Records for this exercise:

"""

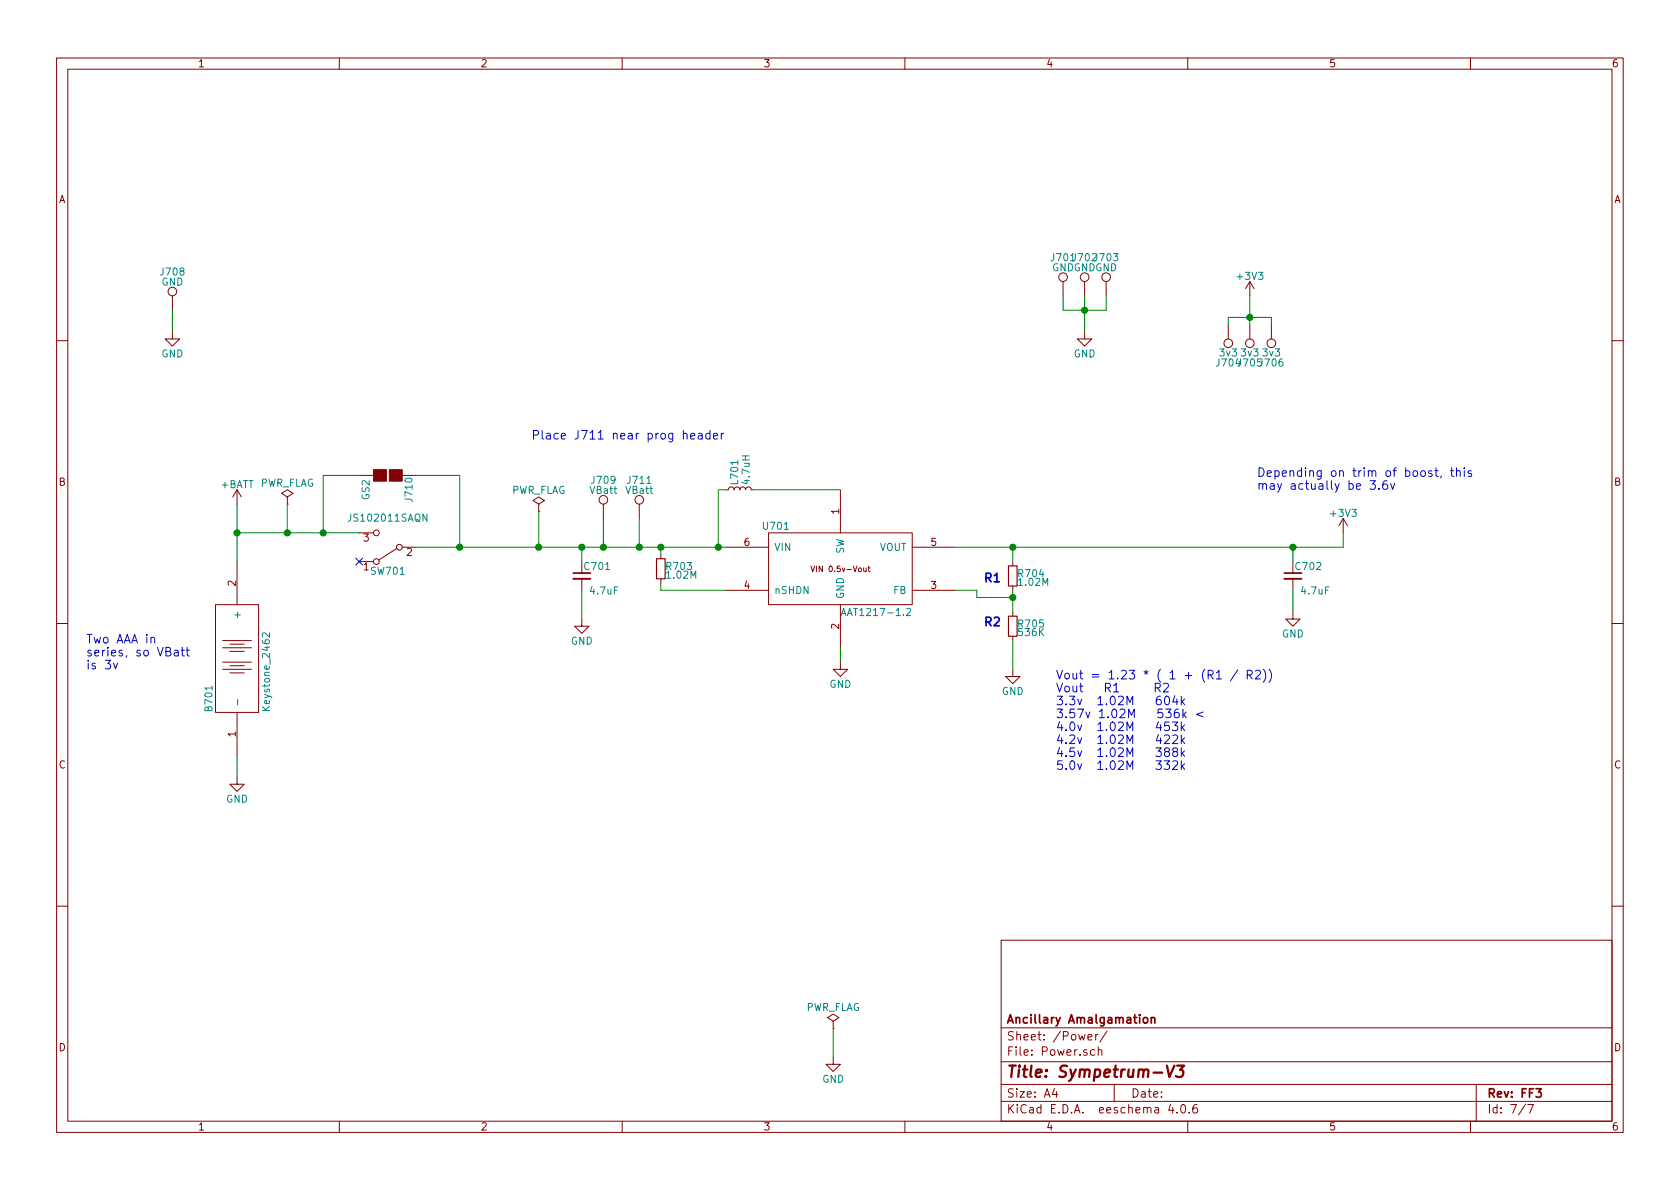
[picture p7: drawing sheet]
<svg xmlns="http://www.w3.org/2000/svg" width="297mm" height="210mm" viewBox="0 0 297 210" stroke-linecap="round" stroke-linejoin="round" font-family="sans-serif">
<g fill="none" stroke="#840000" stroke-width=".18">
<path d="M10 10.3h277v189.9h-277zM12 12.2h273v186.1h-273zM60 10.3v1.9M110 10.3v1.9M160 10.3v1.9M210 10.3v1.9M260 10.3v1.9M30.5 58.7v1.2h1.2l-1.2 1.3-1.3-1.3h1.3M30.5 52.3v2.6M188 49.8v2.5M191.8 58.7v1.2h1.2l-1.2 1.3-1.3-1.3h1.3M191.8 49.8v2.5"/>
<path d="M195.6 49.8v2.5M217.2 57.4v2.5M221 49.8l-.8 1.2M221 49.8v2.5M221 57.4v2.5M221 49.8l.7 1.2M224.8 57.4v2.5M10 60.2h2M285 60.2h2M41.9 86.6v2.5M41.9 99.3v7.6M41.9 86.6l-.8 1.3"/>
<path d="M41.9 86.6l.8 1.3M50.8 89.1h.1M50.8 87.9l1-.7-1-.6-1 .6 1 .7v1.2M63.5 99.3h2.5M63.5 94.2h2.5M63.5 84.1h2.5M70.1 97l-3.2 2.1M71.1 96.8h2.6M71.1 84.1h2.6M95.2 90.4h.1M95.2 89.1l1.1-.6-1.1-.6-1 .6 1 .6v1.3M102.9 99.3v2"/>
<path d="M106.7 89.1v2.6M113 89.1v2.6M116.8 98v.8M128.3 86.6h.5l.1-.3 .3-.2 .4 .1 .2 .4 .1-.3 .3-.2 .4 .1 .2 .4 .1-.3 .3-.2 .4 .1 .2 .4 .2-.3 .2-.2 .5 .1 .1 .4h.5M128.3 96.8h7.6M135.9 94.2h25.4v12.7h-25.4zM148.6 86.6v7.6M161.3 96.8h7.6M179.1 99.3v.8M228.6 99.3v2M237.5 91.7l-.8 1.3M237.5 91.7v2.5"/>
<path d="M237.5 91.7l.8 1.3M10 110.3h2M38.1 106.9h7.6v19.1h-7.6zM39.4 118.4h5M39.4 114.5h5M39.4 113.3h5M39.4 117.1h5M40.6 119h2.6M40.6 117.7h2.6M40.6 115.2h2.6M40.6 113.9h2.6M102.9 109.5v1.2h1.2l-1.2 1.3-1.3-1.3h1.3"/>
<path d="M102.9 102.4v2M116.8 102.4v.7M128.3 104.4h7.6M143.4 100.1l.3 1 .3-1M148.6 117.1v1.3h1.3l-1.3 1.2-1.3-1.2h1.3M148.6 106.9v7.6M153.5 100.4h.3M153.6 100.1v.9l.2 .1M161.3 104.4h7.6M179.1 118.4v1.2h1.2l-1.2 1.3-1.3-1.3h1.3M179.1 103.6v.8M179.1 108.2v.8"/>
<path d="M179.1 112.5v.8M228.6 108.2v1.3h1.3l-1.3 1.2-1.3-1.2h1.3M228.6 102.4v2M285 110.3h2M41.9 137.4v1.3h1.3l-1.3 1.2-1.3-1.2h1.3M41.9 126v7.6M10 160.2h2M177 166.3h108v32h-108zM285 160.2h2M60 198.3v1.9M110 198.3v1.9M147.3 186.9v1.3h1.3l-1.3 1.3-1.3-1.3h1.3"/>
<path d="M147.3 181.9h.1M147.3 180.6l1-.6-1-.7-1 .7 1 .6v1.3M160 198.3v1.9M177 194.8h108M177 191.8h108M177 187.8h108M177 181.8h108M186.4 192.5l-.3 1h.9M186.8 193v1M192.4 183.4l.7-.1-.1-.3-.4-.1-.2 .2v.7h.6M193.5 185.7l-.4-.1-.3 .3 .1 .6 .2 .1 .4-.1M193.7 182.9v1"/>
<path d="M194.2 182.9l-.5 .3M194.2 185.7l.2-.1 .4 .1v.9M194.2 185.1v1.5M195.7 182.3l-1.2 2M197 191.8v3M207 195.2l-.4 1.1h1M207.3 195.8v1M208.1 196.7v.1M208.9 195.5l.2-.2a.81 .81 0 0 1 .6 .6 .81 .81 0 0 1-.3 .8l-.1 .1a.79 .79 0 0 1-.4-1.3zM210 198.3v1.9M210.3 196.7v.1M211.6 195.3a.59 .59 0 0 0-.7 .7l.1 .7 .2 .1 .5-.1 .1-.5-.2-.2-.4-.1-.3 .3"/>
<path d="M260 198.3v1.9M261 191.8v6.5M269.7 195.2l-1.2 2M270.1 195.3h1l-.6 1.5"/>
<circle cx="30.5" cy="51.6" r=".76"/>
<circle cx="188" cy="49" r=".76"/>
<circle cx="191.8" cy="49" r=".76"/>
<circle cx="195.6" cy="49" r=".76"/>
<circle cx="217.2" cy="60.7" r=".76"/>
<circle cx="221" cy="60.7" r=".76"/>
<circle cx="224.8" cy="60.7" r=".76"/>
<circle cx="66.5" cy="94.2" r=".51"/>
<circle cx="66.5" cy="99.3" r=".51"/>
<circle cx="70.6" cy="96.8" r=".51"/>
<circle cx="106.7" cy="88.4" r=".76"/>
<circle cx="113" cy="88.4" r=".76"/>
</g>
<path d="M101.3 101.3h3.1M227.1 101.3h3M203.6 179.9v1M202.2 180.1l.2-.2 .4 .2 .1 .5-.1 .2-.4 .1-.2-.1zM203.6 180.1l.2-.2 .3 .1 .1 .9M271.6 192.5h.9l-.5 .6 .4 .1v.7l-.2 .1-.6-.1" fill="none" stroke="#840000" stroke-width=".3"/>
<path d="M206.3 188.4l.5 2 .8-2M208.1 188.4h1.3l-.8 .8a.48 .48 0 0 1 .6 .4v.5l-.2 .2-.8 .1-.3-.1" fill="none" stroke="#840000" stroke-width=".41"/>
<path d="M101.3 102.4h3.1M227.1 102.4h3" fill="none" stroke="#840000" stroke-width=".33"/>
<path d="M75.5 90.9v1.3l-.7-1.3v1.3M47.7 111.9v.8l-1-.8-.2 .1-.1 .1 .1 .5M148.7 108.9l.4-1.3 .5 1.3M148.9 108.5h.6M160.3 107.7l.5-.1 .2 .1v.2l-.8 1h.8M42 123.7v1" fill="none" stroke="#008484" stroke-width=".18"/>
<path d="M116.1 98.8h1.5v3.6h-1.5zM178.3 100.1h1.5v3.5h-1.5zM178.3 109h1.5v3.5h-1.5z" fill="none" stroke="#840000" stroke-width=".2"/>
<g fill="none" stroke="#0000c2" stroke-width=".18">
<path d="M122.1 77.1l.8-.1-.1-.3-.4-.1-.3 .3 .1 .7h.6M123.5 76.7h.6l.1 .9M124.2 77l-.6 .1a.3 .3 0 0 0-.2 .3 .3 .3 0 0 0 .2 .2h.6M125.5 76.7a.48 .48 0 0 0-.6 .1v.7a.48 .48 0 0 0 .6 .1M125.5 76.1v1.5M126.2 77.1l.7-.1-.1-.3-.4-.1-.2 .3v.7h.6M127.5 76.6v1M128 76.6l-.3 .1-.2 .2M242.2 85h1l-.5 .6 .3 .1 .2 .2-.1 .5-.2 .1h-.5l-.2-.1M243.8 86.4v.1M245.2 85a.62 .62 0 0 0-.7 .7l.1 .7a.48 .48 0 0 0 .8-.1l-.1-.6a.48 .48 0 0 0-.8 .2M245.9 85.5l.3 1 .4-1"/>
<path d="M253.2 83.3l-.4-.1-.2 .3 .1 .2 .5 .1v.4h-.6M253.7 83.2h.6M253.9 82.7v1.3l.4 .2M254.8 84.2l-.1 .3M256.5 83.2h.5M256.7 82.7v1.3l.3 .2M257.5 83.4l.1-.1a.36 .36 0 0 1 .6 .2v.7M257.5 82.7v1.5M258.9 82.7v.2M258.9 83.2v1M260.1 83.3l-.3-.1-.2 .3v.2l.5 .1v.4h-.5M20.1 117.3l.3 1 .4-1"/>
<path d="M26.7 112.8h.1a.36 .36 0 0 1 .6 .1v.8M30.9 115.1h.5l.1 .9M31.5 115.3l-.5 .1a.3 .3 0 0 0-.2 .3 .3 .3 0 0 0 .2 .3l.5-.1M32 115h.6M32.2 114.5v1.3l.4 .2M32.9 115h.6M33.1 114.5v1.3l.4 .2M213.6 119.3h.8l.1-.3-.1-.3-.2-.2h-.6v1.6M214 119.3l.5 .8M215.1 119l.4-.5v1.6M218.8 118.5l-1.2 1.9M220.5 119.3h.8l.1-.3-.1-.3-.2-.2h-.6v1.6"/>
<path d="M220.9 119.3l.5 .8M222 118.7l.2-.2h.4l.2 .2 .1 .3-.1 .2-.9 .9h1M223.4 118.3a1.75 1.75 0 0 1 0 2.3M224.4 118.3a1.75 1.75 0 0 1 0 2.3M195.5 121.6h.7l.1-.3v-.3l-.3-.2h-.5v1.5M195.8 121.6l.5 .7M196.9 121.3l.5-.5v1.5M196.9 122.3h.9M197.7 123.3l.3-.2h.3l.3 .2v.2v.3l-.9 .8h.9M197.7 127.8l.3-.1h.3l.3 .1v.3v.2l-.9 .9h.9M197.7 130.1l.3-.1h.3l.3 .1v.3v.2l-.9 .9h.9M197.7 132.4l.3-.1h.3l.3 .1v.3v.2l-.9 .9h.9"/>
<path d="M197.7 134.7l.3-.2h.3l.3 .2v.3v.2l-.9 .9h.9M199.3 124.6v-1.5l.5 1.1 .5-1.1v1.5M199.3 129.2v-1.5l.5 1.1 .5-1.1v1.5M199.3 131.5v-1.5l.5 1.1 .5-1.1v1.5M199.3 133.8v-1.5l.5 1 .5-1v1.5M199.3 136.1v-1.6l.5 1.1 .5-1.1v1.6M204.3 121.6h.7l.2-.3-.1-.3-.2-.2h-.6v1.5M204.4 132.3h.9l-.5 .5 .4 .1 .1 .2v.5l-.3 .2h-.4l-.2-.2M204.4 134.5h.9l-.5 .6 .4 .1 .1 .2v.5l-.3 .2h-.4l-.2-.2M204.6 121.6l.6 .7M204.8 127.6l-.4 1.1h1M204.8 129.9l-.4 1.1h1"/>
<path d="M205.2 123.1a.62 .62 0 0 0-.8 .7l.1 .7a.48 .48 0 0 0 .8-.1v-.6a.48 .48 0 0 0-.9 .2M205.2 128.2v1M205.2 130.5v1M205.7 121l.2-.2h.4l.2 .2 .1 .3-.1 .2-.8 .8h.9M205.8 134.5h1l-.5 .6 .3 .1 .2 .2-.1 .5-.2 .2h-.5l-.2-.2M205.9 130.1l.2-.1h.4l.2 .1 .1 .3-.1 .2-.9 .9h1M206 123.3l.3-.2a.81 .81 0 0 1 .5 .8 .81 .81 0 0 1-.5 .7l-.3-.1-.1-.5zM206.2 132.9l-.3-.3 .1-.2a.48 .48 0 0 1 .7 0l.1 .2-.2 .2-.6 .3v.5a.48 .48 0 0 0 .8-.1v-.3l-.3-.3M206.7 127.7h-.7l-.1 .7 .2-.1h.5l.2 .2v.4l-.3 .3h-.4l-.2-.1M207.3 127.7h.9l-.5 .6h.4l.1 .2v.6l-.3 .1h-.4l-.2-.1M207.3 130.1l.3-.1h.3l.3 .1v.3v.2l-.9 .9h.9M207.3 134.7l.3-.2h.3l.3 .2v.3v.2l-.9 .9h.9"/>
<path d="M207.6 132.9l-.3-.3 .1-.2a.48 .48 0 0 1 .8 0v.2l-.1 .2-.7 .3v.5a.48 .48 0 0 0 .8-.1v-.3l-.3-.3M207.7 123l-.4 1.1h1M208.1 123.6v1M208.4 125.4a.62 .62 0 0 0-.8 .7l.1 .7a.48 .48 0 0 0 .8-.2l-.1-.5a.48 .48 0 0 0-.8 .2M208.9 123.1v1.5M208.9 127.7v1.5M208.9 130v1.5M208.9 132.3v1.5M208.9 134.5v1.6M209 124l.4 .6M209 128.6l.4 .6M209 130.9l.4 .6"/>
<path d="M209 133.2l.4 .6M209 135.5l.4 .6M209.1 125.4v1.5M209.3 126.3l.4 .6M209.4 123.6l-.5 .6M209.4 128.2l-.5 .6M209.4 130.5l-.5 .6M209.4 132.8l-.5 .5M209.4 135l-.5 .6M209.7 125.9l-.6 .6M212.7 125.9l-1.1 .4 1.1 .5M215.1 120.1h.9"/>
</g>
<g fill="none" stroke="#008400" stroke-width=".18">
<path d="M30.5 54.9v3.8M188 52.3v2.6h7.6v-2.6M191.8 52.3v6.4M217.2 57.4v-1.3h7.6v1.3M221 52.3v5.1M41.9 89.1v10.2M41.9 94.2h21.6M50.8 89.1v5.1M63.5 84.1h-6.4v10.1M73.7 96.8h54.6M73.7 84.1h7.6v12.7M95.2 90.4v6.4"/>
<path d="M102.9 96.8v2.5M106.7 91.7v5.1M113 91.7v5.1M116.8 96.8v1.2M128.3 86.6h-1.3v10.2M133.3 86.6h15.3M179.1 96.8v2.5M228.6 96.8v2.5M237.5 94.2v2.6h-68.6M102.9 104.4v5.1M116.8 103.1v1.3h11.5M148.6 114.5v2.6"/>
<path d="M168.9 104.4h3.8v1.3h6.4M179.1 104.4v3.8M179.1 113.3v5.1M228.6 104.4v3.8M41.9 133.6v3.8M147.3 181.9v5"/>
</g>
<g fill="#008400" stroke="#008400" stroke-width=".25">
<circle cx="127" cy="96.8" r=".51"/>
<circle cx="228.6" cy="96.8" r=".51"/>
<circle cx="179.1" cy="105.7" r=".51"/>
<circle cx="179.1" cy="96.8" r=".51"/>
<circle cx="221" cy="56.1" r=".51"/>
<circle cx="191.8" cy="54.9" r=".51"/>
<circle cx="102.9" cy="96.8" r=".51"/>
<circle cx="116.8" cy="96.8" r=".51"/>
<circle cx="81.3" cy="96.8" r=".51"/>
<circle cx="50.8" cy="94.2" r=".51"/>
<circle cx="41.9" cy="94.2" r=".51"/>
<circle cx="57.2" cy="94.2" r=".51"/>
<circle cx="113" cy="96.8" r=".51"/>
<circle cx="106.7" cy="96.8" r=".51"/>
<circle cx="95.3" cy="96.8" r=".51"/>
</g>
<g fill="#840000" stroke="#840000" stroke-width=".18">
<path d="M66 83.1h2.3v2h-2.3z"/>
<path d="M68.8 83.1h2.3v2h-2.3z"/>
</g>
<path d="M62.9 98.7l1.2 1.2M64.1 98.7l-1.2 1.2" fill="none" stroke="#000084" stroke-width=".18"/>
<text font-size="2.8" fill="#840000" x="178" y="190.5">Title: Sympetrum-V3</text>
<g font-size="2.1" fill="#0000c2">
<text x="94" y="77.7">Place J711 near prog header</text>
<text x="222.2" y="84.3">Depending on trim of boost, this</text>
<text x="222.2" y="86.6">may actually be 3.6v</text>
<text x="174" y="103">R1</text>
<text x="15.2" y="113.8">Two AAA in</text>
<text x="174" y="110.7">R2</text>
<text x="15.2" y="116.1">series, so VBatt</text>
<text x="15.2" y="118.4">is 3v</text>
<text x="186.7" y="120.1">Vout = 1.23 * ( 1 + (R1 / R2))</text>
<text x="186.7" y="122.4">Vout</text>
<text x="186.7" y="124.7">3.3v 1.02M</text>
<text x="186.7" y="127">3.57v 1.02M</text>
<text x="186.7" y="129.3">4.0v 1.02M</text>
<text x="186.7" y="131.6">4.2v 1.02M</text>
<text x="200.1" y="127">536k &lt;</text>
<text x="186.7" y="133.9">4.5v 1.02M</text>
<text x="186.7" y="136.1">5.0v 1.02M</text>
</g>
<g font-size="2.1" fill="#840000">
<text x="178" y="184">Sheet: /Power/</text>
<text x="178" y="181">Ancillary Amalgamation</text>
<text x="178" y="186.7">File: Power.sch</text>
<text x="178" y="196.9">KiCad E.D.A. eeschema 4.0.6</text>
<text x="178" y="194.1">Size: A4</text>
<text x="200" y="194.1">Date:</text>
<text x="263" y="194.1">Rev: FF3</text>
<text x="263" y="196.9">Id: 7/7</text>
</g>
<g font-size="1.8" fill="#840000">
<text x="35" y="11.9">1</text>
<text x="85" y="11.9">2</text>
<text x="135" y="11.9">3</text>
<text x="185" y="11.9">4</text>
<text x="235" y="11.9">5</text>
<text x="285" y="11.9">6</text>
<text x="10.4" y="35.9">A</text>
<text x="285.4" y="35.9">A</text>
<text x="10.4" y="85.9">B</text>
<text x="285.4" y="85.9">B</text>
<text x="64.3" y="95.8">3</text>
<text x="148.3" y="90.9" transform="rotate(-90 148.3 90.9)">1</text>
<text x="64.3" y="100.8">1</text>
<text x="71.9" y="98.3">2</text>
<text x="131.6" y="96.5">6</text>
<text x="164.6" y="96.5">5</text>
<text x="41.7" y="103.6" transform="rotate(-90 41.7 103.6)">2</text>
<text x="131.6" y="104.1">4</text>
<text x="164.6" y="104.1">3</text>
<text x="148.3" y="111.2" transform="rotate(-90 148.3 111.2)">2</text>
<text x="41.7" y="130.3" transform="rotate(-90 41.7 130.3)">1</text>
<text x="10.4" y="135.9">C</text>
<text x="285.4" y="135.9">C</text>
<text x="10.4" y="185.9">D</text>
<text x="285.4" y="185.9">D</text>
<text x="35" y="199.9">1</text>
<text x="85" y="199.9">2</text>
<text x="135" y="199.9">3</text>
<text x="185" y="199.9">4</text>
<text x="235" y="199.9">5</text>
<text x="285" y="199.9">6</text>
</g>
<g font-size="1.8" fill="#008484">
<text x="186" y="46.2">J701J702J703</text>
<text x="186" y="47.9">GNDGNDGND</text>
<text x="28.5" y="48.7">J708</text>
<text x="28.5" y="50.5">GND</text>
<text x="218.9" y="49.5">+3V3</text>
<text x="28.5" y="63.2">GND</text>
<text x="189.8" y="63.2">GND</text>
<text x="215.2" y="64.8">J704J705J706</text>
<text x="215.7" y="63">3v3</text>
<text x="219.5" y="63">3v3</text>
<text x="223.3" y="63">3v3</text>
<text x="39" y="86.3">+BATT</text>
<text x="45.8" y="86">PWR_FLAG</text>
<text x="65.3" y="88.4" transform="rotate(-90 65.3 88.4)">GS2</text>
<text x="72.9" y="88.6" transform="rotate(-90 72.9 88.6)">J710</text>
<text x="90.3" y="87.3">PWR_FLAG</text>
<text x="104.4" y="87.3">VBatt</text>
<text x="104.7" y="85.5">J709</text>
<text x="110.7" y="87.3">VBatt</text>
<text x="111.1" y="85.5">J711</text>
<text x="130.5" y="85.5" transform="rotate(-90 130.5 85.5)">L701</text>
<text x="132.5" y="85.5" transform="rotate(-90 132.5 85.5)">4.7uH</text>
<text x="62" y="92.2">JS102011SAQN</text>
<text x="135.1" y="93.7">U701</text>
<text x="235.4" y="91.4">+3V3</text>
<text x="65.7" y="101.6">SW701</text>
<text x="103.5" y="100.8">C701</text>
<text x="118" y="100.8">R703</text>
<text x="136.9" y="97.4">VIN</text>
<text x="149.2" y="98.1" transform="rotate(-90 149.2 98.1)">SW</text>
<text x="155.4" y="97.4">VOUT</text>
<text x="229.2" y="100.8">C702</text>
<text x="104.5" y="105.1">4.7uF</text>
<text x="118" y="102.3">1.02M</text>
<text x="136.9" y="105">nSHDN</text>
<text x="149.2" y="105.9" transform="rotate(-90 149.2 105.9)">GND</text>
<text x="157.9" y="105">FB</text>
<text x="180.2" y="102.1">R704</text>
<text x="180.2" y="103.6">1.02M</text>
<text x="230.2" y="105.1">4.7uF</text>
<text x="42.5" y="109" transform="rotate(-90 42.5 109)">+</text>
<text x="100.9" y="114">GND</text>
<text x="149.6" y="108.9">AAT1217-1.2</text>
<text x="180.2" y="110.9">R705</text>
<text x="180.2" y="112.5">536K</text>
<text x="226.6" y="112.7">GND</text>
<text x="37.5" y="125.6" transform="rotate(-90 37.5 125.6)">B701</text>
<text x="47.7" y="125.2" transform="rotate(-90 47.7 125.2)">Keystone_2462</text>
<text x="146.6" y="121.6">GND</text>
<text x="177.1" y="122.9">GND</text>
<text x="40" y="141.9">GND</text>
<text x="142.4" y="178.8">PWR_FLAG</text>
<text x="145.4" y="191.5">GND</text>
</g>
<text font-size="1.4" fill="#840000" x="144.1" y="101.1">VIN 0.5v-Vout</text>
</svg>

"""

To do: Wherever a line of the listing above contains the string "VBatt", copy that line.

Exercise answer:
<text x="15.2" y="116.1">series, so VBatt</text>
<text x="104.4" y="87.3">VBatt</text>
<text x="110.7" y="87.3">VBatt</text>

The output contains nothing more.